2) Right from the outset, Alain Vigneault tried to go strength-on-strength, matching Sean Couturier's line against the Auston Matthews line.The Couturier line spent more time defending in their own zone than they did attacking. However, both the Scott Laughton and Derick Brassard lines created some offensive zone time in their matchups. The puck took some hops over sticks for both teams in the first period but the breaks evened out.
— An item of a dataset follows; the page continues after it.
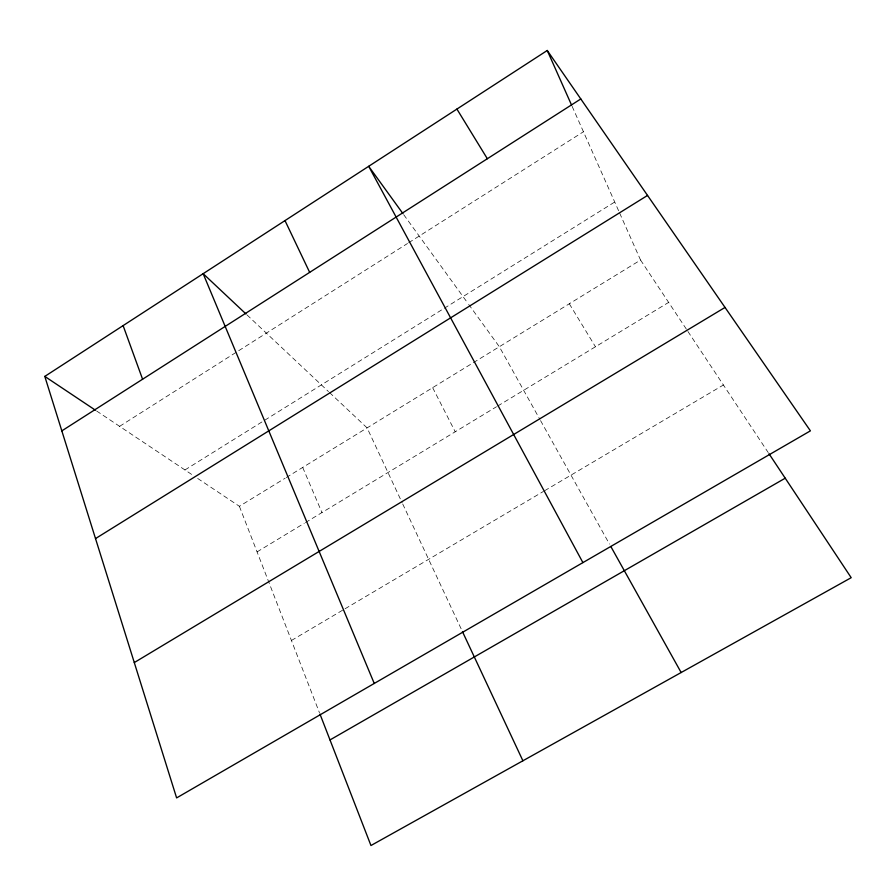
<?xml version="1.0" encoding="UTF-8"?>
<svg xmlns="http://www.w3.org/2000/svg" width="896" height="896" viewBox="0 0 896 896"><rect width="100%" height="100%" fill="white"/><g stroke="black" fill="none" stroke-linecap="round" stroke-linejoin="round"><path stroke-width="0.67" stroke-dasharray="4.48 3.36" d="M119.605 426.339L407.501 243.499M408.677 242.749L583.442 131.757M184.946 469.952L443.106 309.008M444.282 308.28L614.723 202.026M197.691 478.453L239.389 506.296L285.118 478.229M286.283 477.501L640.55 260.042L619.214 212.117M257.074 551.891L304.259 523.286M305.446 522.57L496.507 406.75M497.694 406.034L668.64 302.4M291.435 640.472L343.896 609.448M345.094 608.742L543.458 491.422M544.645 490.717L723.419 384.989M96.589 410.973L193.054 475.362M246.994 314.91L328.496 391.586M329.515 392.538L367.102 427.896L402.125 502.723M403.726 214.693L467.869 303.274M468.675 304.394L499.341 346.73L539.885 419.384M640.55 260.042L687.154 330.322M687.926 331.486L768.219 452.558M569.296 303.778L595.459 346.763M540.557 420.594L609.47 544.085M432.645 387.666L455.213 431.782M402.718 503.978L461.854 630.336M572.13 106.355L618.654 210.851M302.702 467.432L321.955 512.557M239.389 506.296L319.48 712.802"/><path stroke-width="1.34" d="M44.8 376.41L547.254 50.478L810.41 430.853L176.613 797.91L44.8 376.41L95.435 410.2M61.835 430.875L580.798 98.963M95.514 538.586L647.539 195.429M134.288 662.57L725.021 307.44M330.008 739.928L785.221 478.195M245.974 313.958L203.157 273.683L374.248 683.446M402.909 213.562L368.693 166.309L582.904 562.61M768.992 453.723L851.2 577.685L370.955 845.522L319.984 714.101M456.915 109.077L487.346 158.738M610.826 546.504L681.15 672.526M284.995 220.595L309.669 272.373M462.448 631.602L522.906 760.782M547.254 50.478L571.57 105.09M123.11 325.606L142.587 379.232"/></g></svg>

3) The second period was another evenly played frame for the most part. The difference came at 11:11 on a puck that deflected into the net off Nylander's skate. The call on the ice was no-goal due to the puck being kicked in but the NHL Situation Room in Toronto determined on replay that the puck went off Nylander's skate but was not sent in by a distinct kicking motion. Tough break for Hart and the Flyers. The assists went to Jake Muzzin and Matthews. Second period shots were 12-7 in the Flyers favor. Philly had an overall territorial edge but very little in the way of dangerous chances. The looks from the slot just weren't there.
4) The Flyers' third power play of the game saw Keith Yandle restored to the top unit. However, the results were the same as the first two: Philly never really got set up.
5) Phily was in dire need of a successful PK when Ivan Provorov was called for slashing at 4:25. It didn't happen. The Flyers gave up too much cross-seam space and lacked strong-side pressure. The result was that Richie found an open Nylander, who wired home the puck to open a 2-0 lead for the Leafs at 5:09. Matthews picked up his second assist of the game on the play.
Midway through the third period, the Flyers had a must-capitalize power play after Ondrej Kase tripped up Laughton. It started out will with a clean faceoff win but fizzled out into another frustrating two minutes. At 11:26, Giroux took an inadvertent but ill-timed offensive zone high-sticking penalty when his stick caught Mitch Marner. Shortly after the penalty expired, Braun was beaten and Alexander Kerfoot teed up a goal for Kase from the mid-slot at 13:33.
Late in the game, Nylander had a breakaway with a hat trick on the line. Hart made a clean glove save.